# Pinion shaft



## Ericl245 (Apr 13, 2020)

I am installing a new pinion shaft and gear. My question is the service manual states the rolling torque should be around 11 inch pounds. I have tightened it and have wrench set to .5 inch pounds. Still not torque but the shaft spins very difficulty. I’m just afraid of overtighening and ruing the bearings. Any help!!!


----------



## Fedup (Feb 25, 2014)

What type torque wrench are you using? Measuring rolling torque requires a beam type wrench with a pointer and a scale. Something like this.

https://www.amazon.com/Neiko-03727A-4-Inch-Torque-Wrench/dp/B01FMXEWQC


----------



## Ericl245 (Apr 13, 2020)

Yes I’m using that style. It’s older but still works.


----------



## Fedup (Feb 25, 2014)

Then how can it be "set to .5 inch pounds"?


----------



## Ericl245 (Apr 13, 2020)

Sorry. That was a typo. I was trying to write another post also. It just seems very stiff and i am not even moving the needle. Again these parts are expensive and i don’t want to mess them up


----------



## Fedup (Feb 25, 2014)

Sorry, but I'm not following what you're trying to describe. This is a new pinion shaft(as in ring and pinion?), and the spec you have calls for rolling torque measurement of 11 inch lbs. You feel the bearings are already too tight and you still have less torque measurement than expected? 

Perhaps it would help if you mentioned just what you're working on, and what you've done so far.


----------



## Ericl245 (Apr 13, 2020)

Like the first post I am working in an L245 DT front 4x4. Yes brand new pinion shaft, ring gear, bearings and seals. The bearing seem really tight and I’m not even moving the needle on torque Wrench. Just don’t want to over tighten. I may be over thinking it but rather be safe. Thanks


----------



## Ericl245 (Apr 13, 2020)

Kubota. Lol. It probably around the early 80’s


----------



## Fedup (Feb 25, 2014)

From the parts list it seems the pinion shaft/input assembly is a package deal with it's own casting, bearings, seals, etc. One ball bearing and one tapered roller bearing. Part of the "rolling torque" figure must include resistance of the seal lips against the contact surface. I would think you could feel that resistance when the shaft, bearings, etc are assembled, the nut just barely tight enough to center the shaft and snug the bearings, but not actually apply any preload on the tapered roller bearing. From that point on tightening the nut will load the bearing and increase the torque required to rotate the shaft. 

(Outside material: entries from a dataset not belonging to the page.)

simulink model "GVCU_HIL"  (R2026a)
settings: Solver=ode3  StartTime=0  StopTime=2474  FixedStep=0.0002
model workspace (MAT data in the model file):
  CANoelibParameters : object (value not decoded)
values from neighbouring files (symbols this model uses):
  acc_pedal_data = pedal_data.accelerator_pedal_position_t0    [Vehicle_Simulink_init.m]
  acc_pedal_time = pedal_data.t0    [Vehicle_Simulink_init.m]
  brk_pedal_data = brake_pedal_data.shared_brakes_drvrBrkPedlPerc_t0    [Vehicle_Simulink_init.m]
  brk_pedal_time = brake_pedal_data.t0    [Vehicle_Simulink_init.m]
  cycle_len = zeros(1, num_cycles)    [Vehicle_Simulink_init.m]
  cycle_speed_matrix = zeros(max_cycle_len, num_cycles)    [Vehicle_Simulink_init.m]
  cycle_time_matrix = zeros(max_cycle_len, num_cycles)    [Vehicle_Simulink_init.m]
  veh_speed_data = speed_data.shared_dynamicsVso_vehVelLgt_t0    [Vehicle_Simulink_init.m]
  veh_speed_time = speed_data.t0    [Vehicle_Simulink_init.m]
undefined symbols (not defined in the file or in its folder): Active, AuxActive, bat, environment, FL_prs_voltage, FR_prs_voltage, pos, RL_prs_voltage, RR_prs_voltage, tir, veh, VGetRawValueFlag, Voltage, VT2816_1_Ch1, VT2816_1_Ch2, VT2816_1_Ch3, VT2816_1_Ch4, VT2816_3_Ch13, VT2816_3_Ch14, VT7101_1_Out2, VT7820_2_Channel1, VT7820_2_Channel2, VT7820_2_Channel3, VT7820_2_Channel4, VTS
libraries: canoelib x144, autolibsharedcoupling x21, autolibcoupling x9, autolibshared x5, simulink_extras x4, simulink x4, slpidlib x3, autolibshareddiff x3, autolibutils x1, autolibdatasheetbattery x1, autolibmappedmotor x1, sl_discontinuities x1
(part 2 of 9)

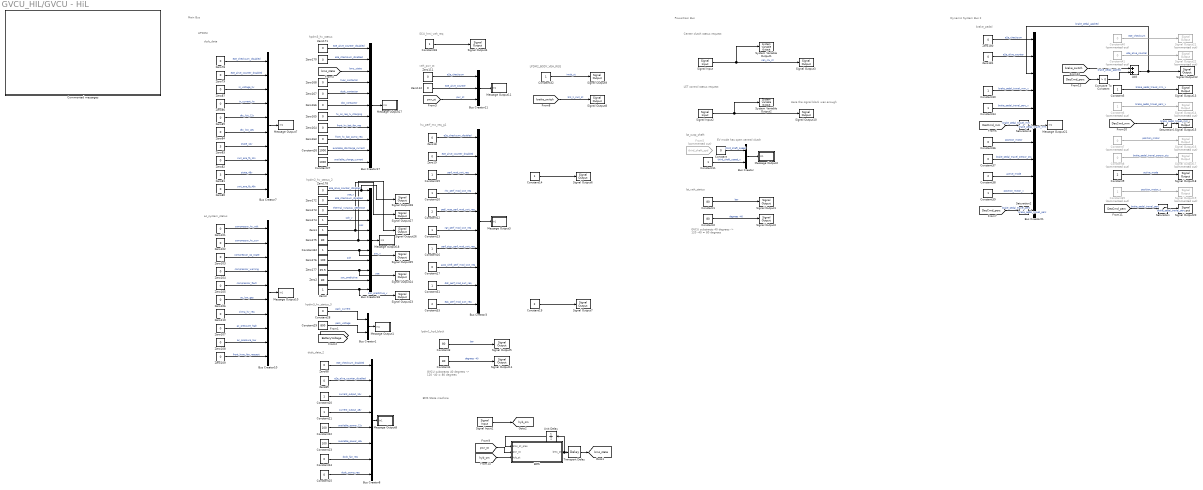
== system GVCU_HIL/GVCU - HiL ==
  note: EV mode has open central clutch
  note: GVCU substracts 40 degrees
      | -> 120 -40 =  80 degrees
  note: hu_perf_mo_req_g1
  note: HPDM3
  note: hpdm2_hv_status_2
  note: dcdc_data
  note: hpdm3_hv_status_3
  note: dcdc_data_2
  note: Here the signal block was enough
  note: ac_system_status
  note: LPDM2_BODY_VEH_REQ
  note: brake_pedal
  note: veh_pwr_st
  note: hpdm3_hv_status
  note: lst_outp_shaft
  note: Powertrain Bus
  note: Center clutch status request
  note: SCU_hmi_veh_req
  note: LST control status request
  note: Main Bus
  note: Dynamic System Bus 2
  note: lst_veh_status
  note: lpdm1_hyd_block
  note: GVCU substracts 40 degrees
      | -> 120 -40 =  80 degrees
  note: BMS State machine
  Add : Sum
  BMS : MATLAB Function  TreatAsAtomicUnit=on
  Bus Creator : BusCreator  Inputs=2
  Bus Creator1 : BusCreator  Inputs=2
  Bus Creator10 : BusCreator  Inputs=10
  Bus Creator11 : BusCreator  Inputs=3
  Bus Creator17 : BusCreator  Inputs=11
  Bus Creator18 : BusCreator  Inputs=11
  Bus Creator21 : BusCreator  Inputs=11
  Bus Creator3 : BusCreator  Inputs=10
  Bus Creator7 : BusCreator  Inputs=10
  Bus Creator8 : BusCreator  Inputs=8
  Commented messages : Subsystem
  Compare To Constant : simulink/Logic and Bit Operations/Compare To Constant  relop=>  const=0  OutDataTypeStr=boolean
  Constant{,17,24..25,28,36..37} (7 alike) : Constant  Value=0
  Constant{1..4} (4 alike) : Constant  Value=80
  Constant{5,10..11,13..16,18,20..21,30..32,34,39,42} (16 alike) : Constant
  Constant{9,12,19,33,38} (5 alike) : Constant  Value=2
  Constant22 : Constant  Value=100
  Constant23 : Constant  Value=100
  Constant26 : Constant  Value=1000
  Constant27 : Constant  Value=1000
  Constant29 : Constant  Value=800
  Constant35 : Constant  Commented=on
  Constant{7..8,40..41} (4 alike) : Constant  Commented=on  Value=0
  Constant6 : Constant  Commented=on
  From5 : From  Commented=on  GotoTag=third_shaft_spd
  Message Output1 : Subsystem  AncestorBlock=canoelib/CANoe I//O/Message Output  mask(Signal Output Module){dbName=main_bus, nodeName=HPDM3, msgName=hpdm3_hv_status_3, inputType=Bus Signal, rawValue=Default}
      mask prompts: dbName "Database name"; nodeName "Node name"; msgName "Message name"; inputType "Input type"; rawValue "Raw value"
      mask help: Output module for all signals of a databasemessage provided by the CANoe interaction layer. Double click the block for configuration.
      settings: AttributesFormatString=%<msgName>  CopyFcn=set_param(gcb, 'AttributesFormatString', '%<msgName>');  OpenFcn=MessageOutputBlock
      mask Help: For detailed information please refer to the CANoe online help 'MATLAB Integration Package » CANoe I/O Library'.
      mask TypeOptions inputType: Vector | Bus Signal
      mask TypeOptions rawValue: Default | Physical value | Raw value
      mask Display:
      | image(imread('MatlabBlock.png'))
      | disp('CANoe')
  Message Output10 : Subsystem  AncestorBlock=canoelib/CANoe I//O/Message Output  mask(Signal Output Module){dbName=main_bus, nodeName=LPDM1, msgName=ac_system_status, inputType=Bus Signal, rawValue=Default}
      mask prompts: dbName "Database name"; nodeName "Node name"; msgName "Message name"; inputType "Input type"; rawValue "Raw value"
      mask help: Output module for all signals of a databasemessage provided by the CANoe interaction layer. Double click the block for configuration.
      settings: AttributesFormatString=%<msgName>  CopyFcn=set_param(gcb, 'AttributesFormatString', '%<msgName>');  OpenFcn=MessageOutputBlock
      mask Help: For detailed information please refer to the CANoe online help 'MATLAB Integration Package » CANoe I/O Library'.
      mask TypeOptions inputType: Vector | Bus Signal
      mask TypeOptions rawValue: Default | Physical value | Raw value
      mask Display:
      | image(imread('MatlabBlock.png'))
      | disp('CANoe')
  Message Output11 : Subsystem  AncestorBlock=canoelib/CANoe I//O/Message Output  mask(Signal Output Module){dbName=main_bus, nodeName=SCU, msgName=veh_pwr_st, inputType=Bus Signal, rawValue=Default}
      mask prompts: dbName "Database name"; nodeName "Node name"; msgName "Message name"; inputType "Input type"; rawValue "Raw value"
      mask help: Output module for all signals of a databasemessage provided by the CANoe interaction layer. Double click the block for configuration.
      settings: AttributesFormatString=veh_pwr_st  CopyFcn=set_param(gcb, 'AttributesFormatString', '%<msgName>');  OpenFcn=MessageOutputBlock
      mask Help: For detailed information please refer to the CANoe online help 'MATLAB Integration Package » CANoe I/O Library'.
      mask TypeOptions inputType: Vector | Bus Signal
      mask TypeOptions rawValue: Default | Physical value | Raw value
      mask Display:
      | image(imread('MatlabBlock.png'))
      | disp('CANoe')
  Message Output17 : Subsystem  AncestorBlock=canoelib/CANoe I//O/Message Output  mask(Signal Output Module){dbName=main_bus, nodeName=HPDM3, msgName=hpdm3_hv_status, inputType=Bus Signal, rawValue=Default}
      mask prompts: dbName "Database name"; nodeName "Node name"; msgName "Message name"; inputType "Input type"; rawValue "Raw value"
      mask help: Output module for all signals of a databasemessage provided by the CANoe interaction layer. Double click the block for configuration.
      settings: AttributesFormatString=%<msgName>  CopyFcn=set_param(gcb, 'AttributesFormatString', '%<msgName>');  OpenFcn=MessageOutputBlock
      mask Help: For detailed information please refer to the CANoe online help 'MATLAB Integration Package » CANoe I/O Library'.
      mask TypeOptions inputType: Vector | Bus Signal
      mask TypeOptions rawValue: Default | Physical value | Raw value
      mask Display:
      | image(imread('MatlabBlock.png'))
      | disp('CANoe')
  Message Output18 : Subsystem  AncestorBlock=canoelib/CANoe I//O/Message Output  mask(Signal Output Module){dbName=main_bus, nodeName=HPDM3, msgName=hpdm3_hv_status_2, inputType=Bus Signal, rawValue=Default}
      mask prompts: dbName "Database name"; nodeName "Node name"; msgName "Message name"; inputType "Input type"; rawValue "Raw value"
      mask help: Output module for all signals of a databasemessage provided by the CANoe interaction layer. Double click the block for configuration.
      settings: AttributesFormatString=hpdm3_hv_status_2  CopyFcn=set_param(gcb, 'AttributesFormatString', '%<msgName>');  OpenFcn=MessageOutputBlock
      mask Help: For detailed information please refer to the CANoe online help 'MATLAB Integration Package » CANoe I/O Library'.
      mask TypeOptions inputType: Vector | Bus Signal
      mask TypeOptions rawValue: Default | Physical value | Raw value
      mask Display:
      | image(imread('MatlabBlock.png'))
      | disp('CANoe')
  Message Output2 : Subsystem  AncestorBlock=canoelib/CANoe I//O/Message Output  mask(Signal Output Module){dbName=powertrain_bus, nodeName=LST, msgName=lst_outp_shaft, inputType=Bus Signal, rawValue=Default}
      mask prompts: dbName "Database name"; nodeName "Node name"; msgName "Message name"; inputType "Input type"; rawValue "Raw value"
      mask help: Output module for all signals of a databasemessage provided by the CANoe interaction layer. Double click the block for configuration.
      settings: AttributesFormatString=%<msgName>  CopyFcn=set_param(gcb, 'AttributesFormatString', '%<msgName>');  OpenFcn=MessageOutputBlock
      mask Help: For detailed information please refer to the CANoe online help 'MATLAB Integration Package » CANoe I/O Library'.
      mask TypeOptions inputType: Vector | Bus Signal
      mask TypeOptions rawValue: Default | Physical value | Raw value
      mask Display:
      | image(imread('MatlabBlock.png'))
      | disp('CANoe')
  Message Output21 : Subsystem  AncestorBlock=canoelib/CANoe I//O/Message Output  mask(Signal Output Module){dbName=dynamic_systems2_bus, nodeName=IEB, msgName=brake_pedal, inputType=Bus Signal, rawValue=Default}
      mask prompts: dbName "Database name"; nodeName "Node name"; msgName "Message name"; inputType "Input type"; rawValue "Raw value"
      mask help: Output module for all signals of a databasemessage provided by the CANoe interaction layer. Double click the block for configuration.
      settings: AttributesFormatString=brake_pedal  CopyFcn=set_param(gcb, 'AttributesFormatString', '%<msgName>');  OpenFcn=MessageOutputBlock
      mask Help: For detailed information please refer to the CANoe online help 'MATLAB Integration Package » CANoe I/O Library'.
      mask TypeOptions inputType: Vector | Bus Signal
      mask TypeOptions rawValue: Default | Physical value | Raw value
      mask Display:
      | image(imread('MatlabBlock.png'))
      | disp('CANoe')
  Message Output3 : Subsystem  AncestorBlock=canoelib/CANoe I//O/Message Output  mask(Signal Output Module){dbName=main_bus, nodeName=SCU, msgName=hu_perf_mod_req_g1, inputType=Bus Signal, rawValue=Default}
      mask prompts: dbName "Database name"; nodeName "Node name"; msgName "Message name"; inputType "Input type"; rawValue "Raw value"
      mask help: Output module for all signals of a databasemessage provided by the CANoe interaction layer. Double click the block for configuration.
      settings: AttributesFormatString=%<msgName>  CopyFcn=set_param(gcb, 'AttributesFormatString', '%<msgName>');  OpenFcn=MessageOutputBlock
      mask Help: For detailed information please refer to the CANoe online help 'MATLAB Integration Package » CANoe I/O Library'.
      mask TypeOptions inputType: Vector | Bus Signal
      mask TypeOptions rawValue: Default | Physical value | Raw value
      mask Display:
      | image(imread('MatlabBlock.png'))
      | disp('CANoe')
  Message Output7 : Subsystem  AncestorBlock=canoelib/CANoe I//O/Message Output  mask(Signal Output Module){dbName=main_bus, nodeName=HPDM3, msgName=dcdc_data, inputType=Bus Signal, rawValue=Default}
      mask prompts: dbName "Database name"; nodeName "Node name"; msgName "Message name"; inputType "Input type"; rawValue "Raw value"
      mask help: Output module for all signals of a databasemessage provided by the CANoe interaction layer. Double click the block for configuration.
      settings: AttributesFormatString=%<msgName>  CopyFcn=set_param(gcb, 'AttributesFormatString', '%<msgName>');  OpenFcn=MessageOutputBlock
      mask Help: For detailed information please refer to the CANoe online help 'MATLAB Integration Package » CANoe I/O Library'.
      mask TypeOptions inputType: Vector | Bus Signal
      mask TypeOptions rawValue: Default | Physical value | Raw value
      mask Display:
      | image(imread('MatlabBlock.png'))
      | disp('CANoe')
  Message Output8 : Subsystem  AncestorBlock=canoelib/CANoe I//O/Message Output  mask(Signal Output Module){dbName=main_bus, nodeName=HPDM3, msgName=dcdc_data_2, inputType=Bus Signal, rawValue=Default}
      mask prompts: dbName "Database name"; nodeName "Node name"; msgName "Message name"; inputType "Input type"; rawValue "Raw value"
      mask help: Output module for all signals of a databasemessage provided by the CANoe interaction layer. Double click the block for configuration.
      settings: AttributesFormatString=%<msgName>  CopyFcn=set_param(gcb, 'AttributesFormatString', '%<msgName>');  OpenFcn=MessageOutputBlock
      mask Help: For detailed information please refer to the CANoe online help 'MATLAB Integration Package » CANoe I/O Library'.
      mask TypeOptions inputType: Vector | Bus Signal
      mask TypeOptions rawValue: Default | Physical value | Raw value
      mask Display:
      | image(imread('MatlabBlock.png'))
      | disp('CANoe')
  Saturation : Saturate  UpperLimit=100  LowerLimit=0
  Saturation1 : Saturate  UpperLimit=25.5  LowerLimit=0
  Saturation2 : Saturate  UpperLimit=100  LowerLimit=0
  Saturation3 : Saturate  UpperLimit=25.5  LowerLimit=0
  Signal Input : canoelib/CANoe I//O/Signal Input  dbName=powertrain_bus  nodeName=GVCU  msgName=gvcu_lst_req  sigName=cen_clu_st_req  editSampleTime=0  rawValue=Default  dataType=Default  dataTypeDB=uint8  hasEncoding=off
      settings: AttributesFormatString=%<sigName>  SourceProductName=Vector CANoe
  Signal Input1 : canoelib/CANoe I//O/Signal Input  dbName=main_bus  nodeName=GVCU  msgName=gvcu_hv_control  sigName=hyb_st_mac_state  editSampleTime=0  rawValue=Default  dataType=Default  dataTypeDB=uint8  hasEncoding=off
      settings: AttributesFormatString=%<sigName>  SourceProductName=Vector CANoe
  Signal Input2 : canoelib/CANoe I//O/Signal Input  dbName=powertrain_bus  nodeName=GVCU  msgName=gvcu_lst_req  sigName=lst_ctrl_st_req  editSampleTime=0  rawValue=Default  dataType=Default  dataTypeDB=uint8  hasEncoding=off
      settings: AttributesFormatString=%<sigName>  SourceProductName=Vector CANoe
  Signal Output1 : canoelib/CANoe I//O/Signal Output  dbName=powertrain_bus  nodeName=LST  msgName=lst_veh_status  sigName=re_hi_p_sys_p  rawValue=Default  dataType=Default  dataTypeDB=uint8  hasEncoding=off
      settings: AttributesFormatString=%<sigName>  SourceProductName=Vector CANoe
  Signal Output10 : canoelib/CANoe I//O/Signal Output  dbName=powertrain_bus  nodeName=LST  msgName=lst_tq_sts_1  sigName=lst_ctrl_st  rawValue=Default  dataType=Default  dataTypeDB=uint8  hasEncoding=off
      settings: AttributesFormatString=%<sigName>  SourceProductName=Vector CANoe
  Signal Output11 : canoelib/CANoe I//O/Signal Output  dbName=main_bus  nodeName=LPDM1  msgName=lpdm1_hyd_block  sigName=autoskin_oil_temperature  rawValue=Default  dataType=Default  dataTypeDB=uint8  hasEncoding=on
      settings: AttributesFormatString=%<sigName>  SourceProductName=Vector CANoe
  Signal Output12 : canoelib/CANoe I//O/Signal Output  dbName=dynamic_systems2_bus  nodeName=IEB  msgName=brake_pedal  sigName=brake_pedal_applied  rawValue=Default  dataType=Default  dataTypeDB=uint8  hasEncoding=off
      settings: AttributesFormatString=%<sigName>  SourceProductName=Vector CANoe
  Signal Output13 : canoelib/CANoe I//O/Signal Output  dbName=dynamic_systems2_bus  nodeName=IEB  msgName=brake_pedal  sigName=brake_pedal_travel_mm_v  rawValue=Default  dataType=Default  dataTypeDB=boolean  hasEncoding=off
      settings: AttributesFormatString=%<sigName>  SourceProductName=Vector CANoe
  Signal Output14 : canoelib/CANoe I//O/Signal Output  Commented=on  dbName=dynamic_systems2_bus  nodeName=IEB  msgName=brake_pedal  sigName=brake_pedal_travel_perc_v  rawValue=Default  dataType=Default  dataTypeDB=boolean  hasEncoding=off
      settings: AttributesFormatString=%<sigName>  SourceProductName=Vector CANoe
  Signal Output15 : canoelib/CANoe I//O/Signal Output  dbName=dynamic_systems2_bus  nodeName=IEB  msgName=brake_pedal  sigName=brake_pedal_travel_mm  rawValue=Default  dataType=Default  dataTypeDB=uint8  hasEncoding=on
      settings: AttributesFormatString=%<sigName>  SourceProductName=Vector CANoe
  Signal Output16 : canoelib/CANoe I//O/Signal Output  Commented=on  dbName=dynamic_systems2_bus  nodeName=IEB  msgName=brake_pedal  sigName=brake_pedal_travel_perc_v  rawValue=Default  dataType=Default  dataTypeDB=boolean  hasEncoding=off
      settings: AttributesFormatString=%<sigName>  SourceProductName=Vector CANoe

You stated the bearings feel really tight. It seems to me the shaft WILL have resistance, and should require some effort to turn by hand. Certainly too much to turn with fingertips. I'm not necessarily a fan of rolling torque measurements in such cases. I tend to adjust more by "feel" than anything else. Once the seal drag is established, and the bearings are tight enough to prevent any lateral movement, I tighten the nut until the added resistance feels right. I have a beam type torque wrench but I find that using it for this purpose often makes for too much bearing load to achieve the recommended rolling torque.


----------